Implement the changes identified, and monitor them for effectiveness.

Risk Analysis

Should our preventative measures fail to stop a bug from escaping into a production environment, an analysis of the level of risk needs to be explicitly completed. (This is often done, but in an implicit way.) The analysis of the level of risk derives from two areas.

Risk Severity – the degree of impact the bug can be expected to have to the data, operations, or functionality of affected parties (the company, vendors, customers, etc.).

Blocking A bug that is so bad, or a feature that is so important, that we would not ship the next release until it is fixed/completed. Could also signify a bug that is currently impacting a customer’s operations, or one that is blocking development.
Critical A bug that needs to be resolved ASAP, but for which we wouldn’t stop everything. Bugs in this category are not impacting operations (a customer’s, or ours), but they are significantly challenging to warrant attention.
Major Best judgement should be used to determine how this stacks against other work. The bug is serious enough that it needs to be resolved, but the value of other work and timing should be considered. If a bug sits in major for too long, its categorization should be reviewed and either upgraded or downgraded.
Minor A bug that is known, but which we have explicitly de-prioritized. Such a bug will be fixed as time allows.
Trivial Should really consider closing this level of bug. At best these should be put into the “Long Tail” for tracking.

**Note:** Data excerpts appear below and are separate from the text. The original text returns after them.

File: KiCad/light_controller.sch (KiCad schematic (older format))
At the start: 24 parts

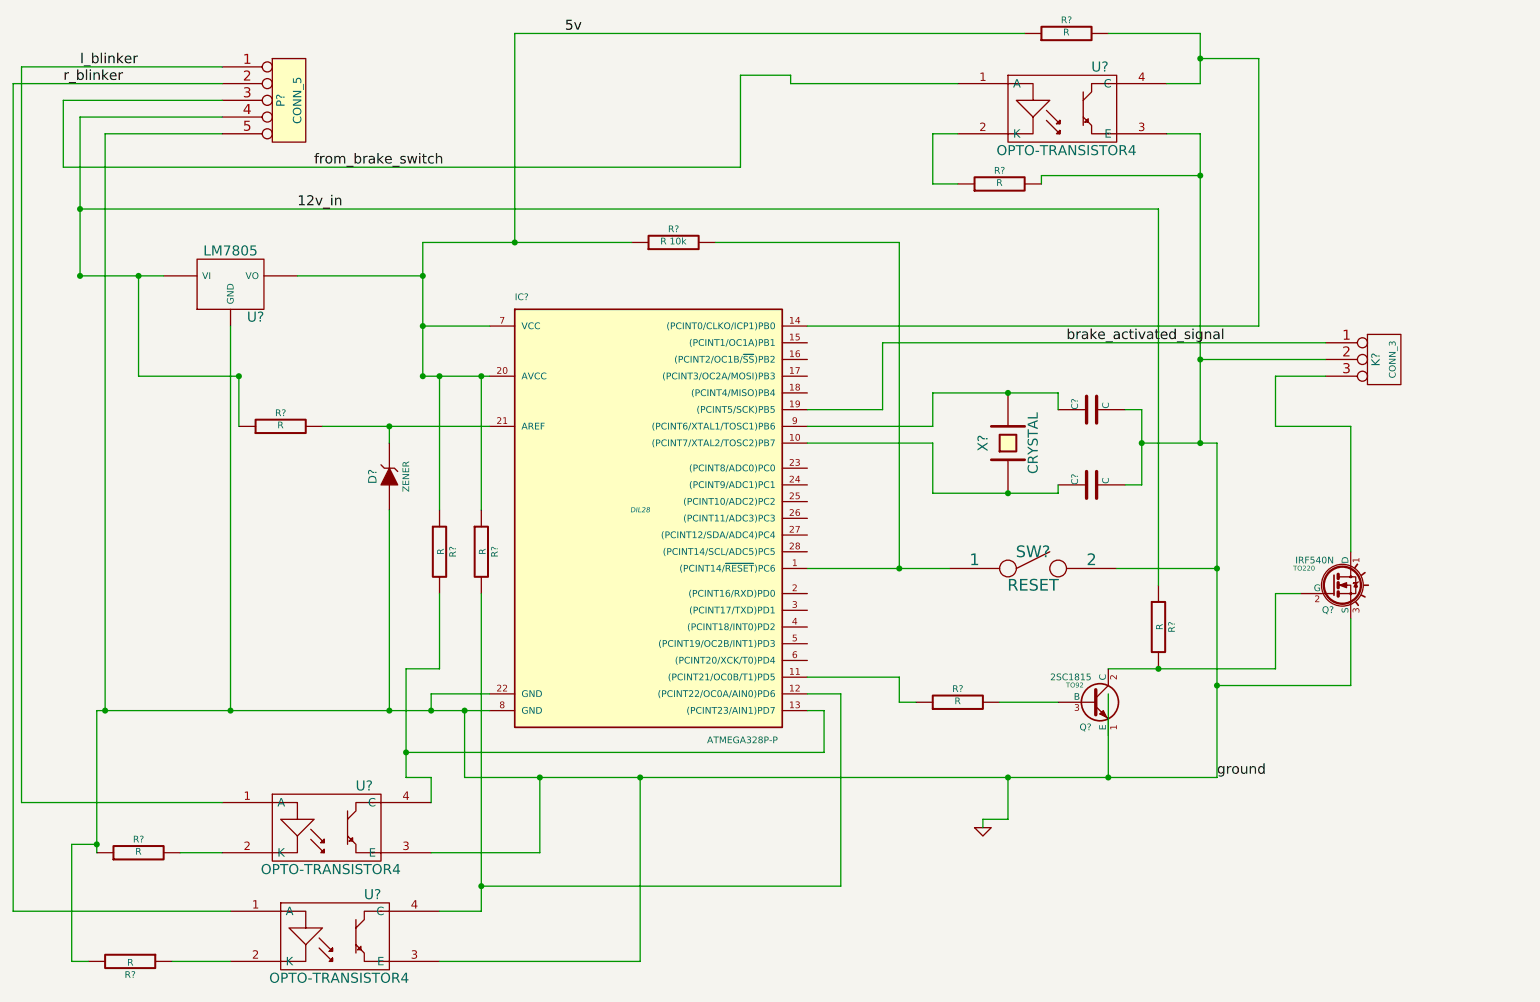
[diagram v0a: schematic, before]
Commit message: Schematic updates
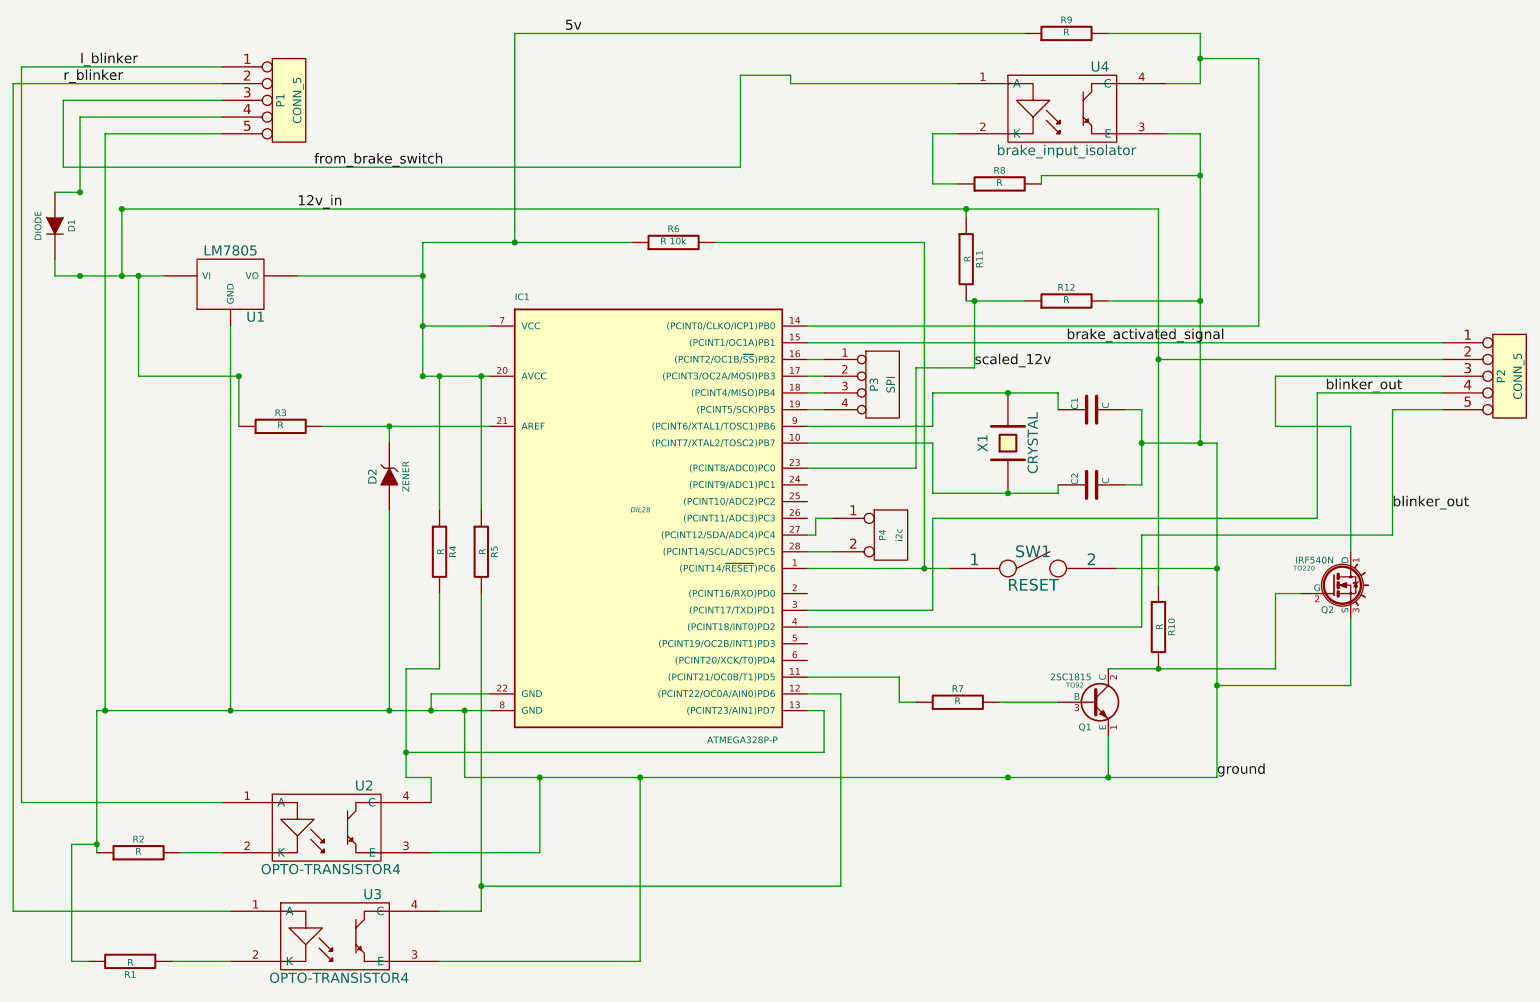
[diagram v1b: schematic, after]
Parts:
- removed K?: CONN_3, symbol CONN_3
- added D1: DIODE, ~, symbol DIODE
- added P2: CONN_5, symbol CONN_5
- added P3: SPI, symbol CONN_4
- added P4: i2c, symbol CONN_2
- added R11, R12: R, ~, symbol R
- U4: renamed from U?; value OPTO-TRANSISTOR4 -> brake_input_isolator
- gave numbers to parts that had none: 22
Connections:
- net GND is gone; now on net ground: C1.2, C2.2, D2.1 (A), IC1.22 (GND), IC1.8 (GND), P1.5, Q2.3 (S), R1.2, R2.1, R8.2, SW1.2, U1.GND, U2.3 (E), U3.3 (E), U4.3 (E)
- net 12v_in: now also D1.2 (K), P2.2, R11.1; no longer P1.4
- net brake_activated_signal: now also IC1.15 ((PCINT1/OC1A)PB1), P2.1; no longer IC1.19 ((PCINT5/SCK)PB5)
- net at IC1.16 ((PCINT2/OC1B/~SS~)PB2): now also P3.1 (P1)
- net at IC1.17 ((PCINT3/OC2A/MOSI)PB3): now also P3.2 (P2)
- net at IC1.18 ((PCINT4/MISO)PB4): now also P3.3 (P3)
- net scaled_12v: now reaches IC1.23 ((PCINT8/ADC0)PC0)
- net scaled_12v: now also R11.2, R12.1
- net at IC1.27 ((PCINT12/SDA/ADC4)PC4): now also P4.1 (P1)
- net at IC1.28 ((PCINT14/SCL/ADC5)PC5): now also P4.2 (PM)
- net blinker_out: now reaches IC1.3 ((PCINT17/TXD)PD1)
- net blinker_out: now also IC1.4 ((PCINT18/INT0)PD2), P2.4, P2.5
- net at Q2.1 (D): now also P2.3
- net ground: now reaches Q1.1 (E)
- net ground: now also R12.2
- new net: IC1.19 ((PCINT5/SCK)PB5), P3.4 (P4)
- new net: D1.1 (A), P1.4
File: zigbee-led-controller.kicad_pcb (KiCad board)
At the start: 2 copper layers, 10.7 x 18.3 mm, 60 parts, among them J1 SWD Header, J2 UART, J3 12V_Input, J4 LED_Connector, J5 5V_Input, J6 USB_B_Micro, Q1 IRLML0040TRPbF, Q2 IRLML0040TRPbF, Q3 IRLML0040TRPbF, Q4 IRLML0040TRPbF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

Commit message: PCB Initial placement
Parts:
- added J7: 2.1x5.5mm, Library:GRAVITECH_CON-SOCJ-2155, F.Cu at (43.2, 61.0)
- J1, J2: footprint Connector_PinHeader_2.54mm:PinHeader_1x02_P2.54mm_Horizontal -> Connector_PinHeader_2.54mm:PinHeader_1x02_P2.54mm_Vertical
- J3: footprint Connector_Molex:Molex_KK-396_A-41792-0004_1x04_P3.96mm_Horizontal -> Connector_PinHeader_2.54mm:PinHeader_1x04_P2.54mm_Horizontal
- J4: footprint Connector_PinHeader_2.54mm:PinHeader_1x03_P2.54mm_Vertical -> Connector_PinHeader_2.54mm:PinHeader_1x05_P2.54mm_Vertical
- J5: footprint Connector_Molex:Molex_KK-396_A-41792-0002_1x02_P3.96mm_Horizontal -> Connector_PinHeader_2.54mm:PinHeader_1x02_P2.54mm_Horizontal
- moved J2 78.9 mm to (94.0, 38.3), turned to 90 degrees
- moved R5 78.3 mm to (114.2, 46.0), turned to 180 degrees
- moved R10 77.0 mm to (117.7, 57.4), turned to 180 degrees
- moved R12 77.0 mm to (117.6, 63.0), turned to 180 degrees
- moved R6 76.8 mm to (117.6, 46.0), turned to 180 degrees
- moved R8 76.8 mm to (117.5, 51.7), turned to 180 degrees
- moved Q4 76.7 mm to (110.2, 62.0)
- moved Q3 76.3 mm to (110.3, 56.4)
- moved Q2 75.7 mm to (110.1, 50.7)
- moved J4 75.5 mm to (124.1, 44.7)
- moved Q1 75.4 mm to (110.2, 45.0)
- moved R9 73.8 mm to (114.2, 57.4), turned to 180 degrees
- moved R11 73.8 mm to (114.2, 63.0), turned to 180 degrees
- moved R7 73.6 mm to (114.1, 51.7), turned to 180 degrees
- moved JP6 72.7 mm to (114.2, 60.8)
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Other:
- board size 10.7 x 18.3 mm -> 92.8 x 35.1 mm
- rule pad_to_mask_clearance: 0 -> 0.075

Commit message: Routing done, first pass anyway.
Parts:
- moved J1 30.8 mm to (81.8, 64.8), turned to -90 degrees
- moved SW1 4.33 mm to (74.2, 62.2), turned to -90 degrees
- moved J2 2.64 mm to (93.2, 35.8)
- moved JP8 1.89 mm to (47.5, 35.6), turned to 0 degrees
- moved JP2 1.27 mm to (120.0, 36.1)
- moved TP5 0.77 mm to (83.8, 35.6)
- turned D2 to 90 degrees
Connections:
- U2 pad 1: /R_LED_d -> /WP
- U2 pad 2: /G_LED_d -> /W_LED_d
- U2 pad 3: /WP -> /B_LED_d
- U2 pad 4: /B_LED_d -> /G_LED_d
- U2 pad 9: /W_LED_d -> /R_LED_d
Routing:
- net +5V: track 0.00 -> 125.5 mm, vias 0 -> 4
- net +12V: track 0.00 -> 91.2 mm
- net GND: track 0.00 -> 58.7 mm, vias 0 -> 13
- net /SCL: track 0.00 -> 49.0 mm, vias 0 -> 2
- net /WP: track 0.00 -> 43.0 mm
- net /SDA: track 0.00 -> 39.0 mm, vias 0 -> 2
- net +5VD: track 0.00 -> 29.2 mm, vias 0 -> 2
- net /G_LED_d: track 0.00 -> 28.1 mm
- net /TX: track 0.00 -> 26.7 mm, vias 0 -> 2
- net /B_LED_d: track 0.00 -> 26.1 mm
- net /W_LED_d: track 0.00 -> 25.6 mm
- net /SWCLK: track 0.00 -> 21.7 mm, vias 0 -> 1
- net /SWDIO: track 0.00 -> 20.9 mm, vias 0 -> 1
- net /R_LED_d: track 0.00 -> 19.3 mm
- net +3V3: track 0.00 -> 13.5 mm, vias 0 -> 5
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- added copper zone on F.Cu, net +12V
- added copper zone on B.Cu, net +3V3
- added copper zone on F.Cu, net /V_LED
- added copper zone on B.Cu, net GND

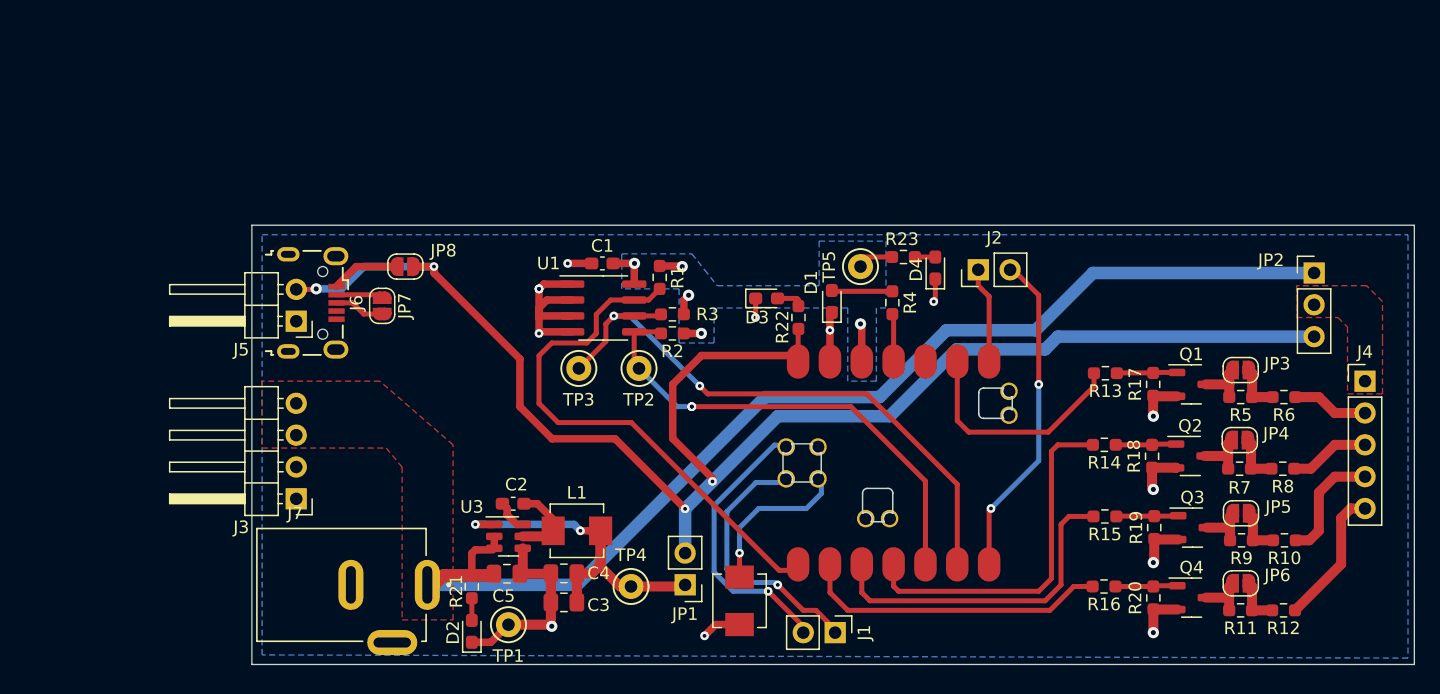
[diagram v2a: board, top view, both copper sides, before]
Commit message: Updated some footprints and finalized layout. Added better output connector and rst switch
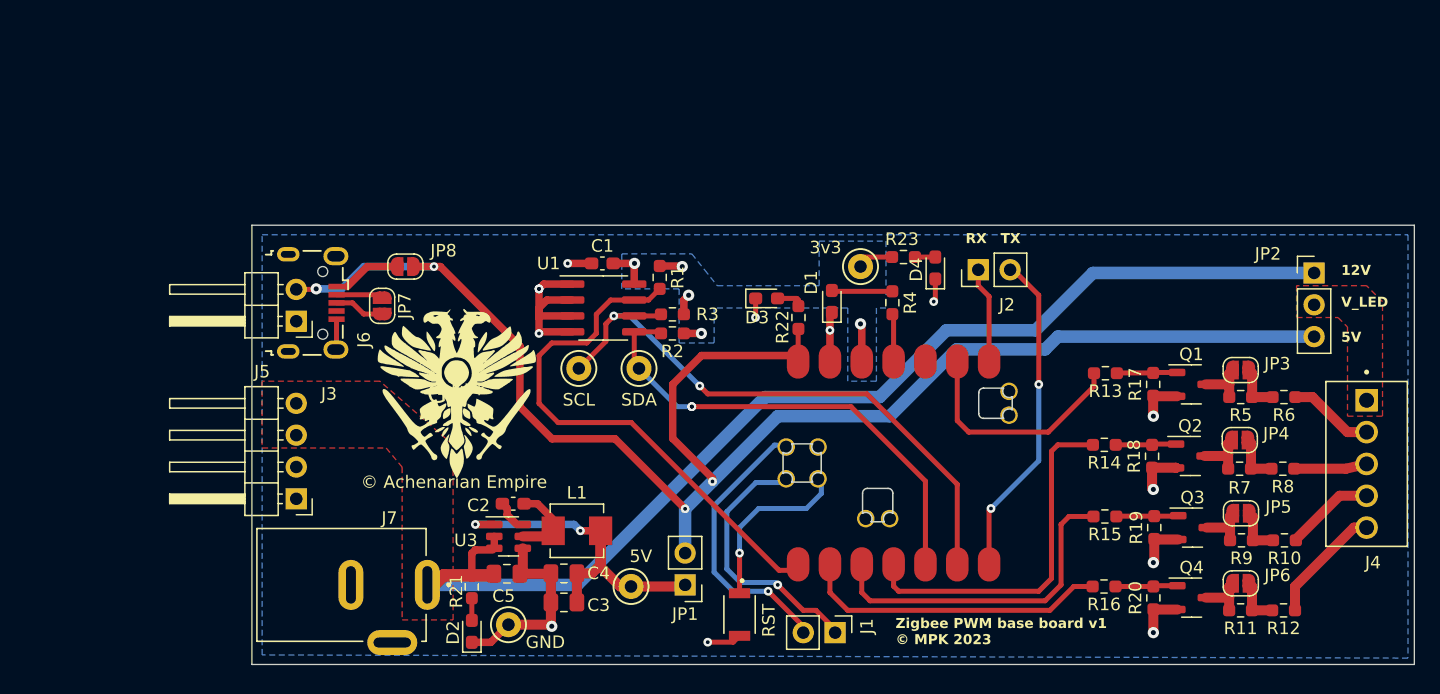
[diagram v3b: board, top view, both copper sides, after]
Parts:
- added G***: LOGO, Library:logo, F.Cu at (51.6, 45.7)
- J4: footprint Connector_PinHeader_2.54mm:PinHeader_1x05_P2.54mm_Vertical -> Library:TE_282834-5
- RST: renamed from SW1; footprint Inductor_SMD:L_Vishay_IHLP-1616 -> Library:SW_B3U-1000P
- moved J4 6.61 mm to (124.2, 51.3), turned to -90 degrees
- moved RST 1.09 mm to (74.2, 63.3)
- turned 3v3 to 0 degrees
- renumbered TP5 to 3v3, TP4 to 5V, TP1 to GND, TP3 to SCL, TP2 to SDA
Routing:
- net Net-(J4-Pin_4): track 9.41 -> 7.16 mm
- net GND: track 58.7 -> 60.7 mm
- net Net-(J4-Pin_5): track 11.1 -> 9.57 mm
- net /RESETn: track 12.2 -> 13.5 mm
- net Net-(J4-Pin_2): track 6.08 -> 6.84 mm
- net Net-(J4-Pin_3): track 6.43 -> 5.81 mm
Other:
- rule pad_to_mask_clearance: 0.075 -> 0
- board text added: "12V"
- board text added: "5V"
- board text added: "RX"
- board text added: "TX"
- board text added: "V_LED"
- board text added: "Zigbee PWM base board v1 © MPK 2023"

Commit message: Updated, given to pcbway to quote
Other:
- board text added: "GND"
- board text added: "SWCLK"
- board text added: "SWDIO"
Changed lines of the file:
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@@
     (property "Sheetname" "")
     (attr smd)
-    (fp_text reference "RST" (at 0.475 -2.335 90) (layer "F.SilkS")
+    (fp_text reference "RST" (at 1.192 2.794 -180) (layer "F.SilkS")
         (effects (font (size 1 1) (thickness 0.15)))
     )
@@
     (property "ki_keywords" "connector")
     (attr through_hole)
-    (fp_text reference "J3" (at -2.6089 8.372) (layer "F.SilkS")
+    (fp_text reference "J3" (at -2.6089 8.372) (layer "F.SilkS") hide
         (effects (font (size 1 1) (thickness 0.15)))
     )
@@
     (property "ki_keywords" "Jumper SPST")
     (attr through_hole)
-    (fp_text reference "JP1" (at 0 -2.33) (layer "F.SilkS")
+    (fp_text reference "JP1" (at -0.0254 4.826) (layer "F.SilkS")
         (effects (font (size 1 1) (thickness 0.15)))
     )
@@
     (property "ki_keywords" "connector")
     (attr through_hole)
-    (fp_text reference "J1" (at -0.508 -2.535 90) (layer "F.SilkS")
+    (fp_text reference "J1" (at -0.508 -2.535 90) (layer "F.SilkS") hide
         (effects (font (size 1 1) (thickness 0.15)))
     )
@@
     (effects (font (size 0.8 0.8) (thickness 0.15) bold) (justify left bottom))
   )
+  (gr_text "SWDIO" (at 84.582 66.294 90) (layer "F.SilkS")
+    (effects (font (size 0.8 0.8) (thickness 0.15) bold) (justify left bottom))
+  )
+  (gr_text "12V" (at 41.91 48.514 90) (layer "F.SilkS")
+    (effects (font (size 0.8 0.8) (thickness 0.15) bold) (justify left bottom))
+  )
   (gr_text "5V" (at 122.174 41.656) (layer "F.SilkS")
     (effects (font (size 0.8 0.8) (thickness 0.15) bold) (justify left bottom))
@@
     (effects (font (size 0.8 0.8) (thickness 0.15) bold) (justify left bottom))
   )
+  (gr_text "GND" (at 41.91 54.102 90) (layer "F.SilkS")
+    (effects (font (size 0.8 0.8) (thickness 0.15) bold) (justify left bottom))
+  )
   (gr_text "12V" (at 122.174 36.322) (layer "F.SilkS")
     (effects (font (size 0.8 0.8) (thickness 0.15) bold) (justify left bottom))
@@
     (effects (font (size 0.8 0.8) (thickness 0.15) bold) (justify left bottom))
   )
+  (gr_text "SWCLK" (at 77.216 66.802 90) (layer "F.SilkS")
+    (effects (font (size 1 1) (thickness 0.15)) (justify left bottom))
+  )
   (dimension (type aligned) (layer "Dwgs.User")

Risk Probability – the likelihood, expressed against a percentage, that those potentially affected by the bug will actually experience it (ie., always, only if they have a power outage, or only if the sun aligns with Jupiter during the slackwater phase of a diurnal tide in the northeastern hemisphere between 44 and 45 degrees Latitude).

Definite 100% – issue will occur in every case
Probable 60-99% – issue will occur in most cases
Possible 30-60% – coin-flip; issue may or may not occur
Unlikely 2-30% – issue will occur in less than 50% of cases
Won’t 1% – occurrence of the issue will be exceptionally rare

Given Risk Severity and Probability, the risk can be assessed according to the following matrix and assigned a Risk Assessment Code (RAC).

Risk Assessment Matrix Probability
Definite Probable Possible Unlikely Won’t
Severity Blocker 1 1 1 2 3
Critical 1 1 2 2 3
Major 2 2 2 3 4
Minor 3 3 3 4 5
Trivial 3 4 4 5 5

Risk Assessment Codes
1 – Strategic     2 – Significant     3 – Moderate     4 – Low     5 – Negligible

The Risk Assessment Codes are a significant factor in Risk decision-making.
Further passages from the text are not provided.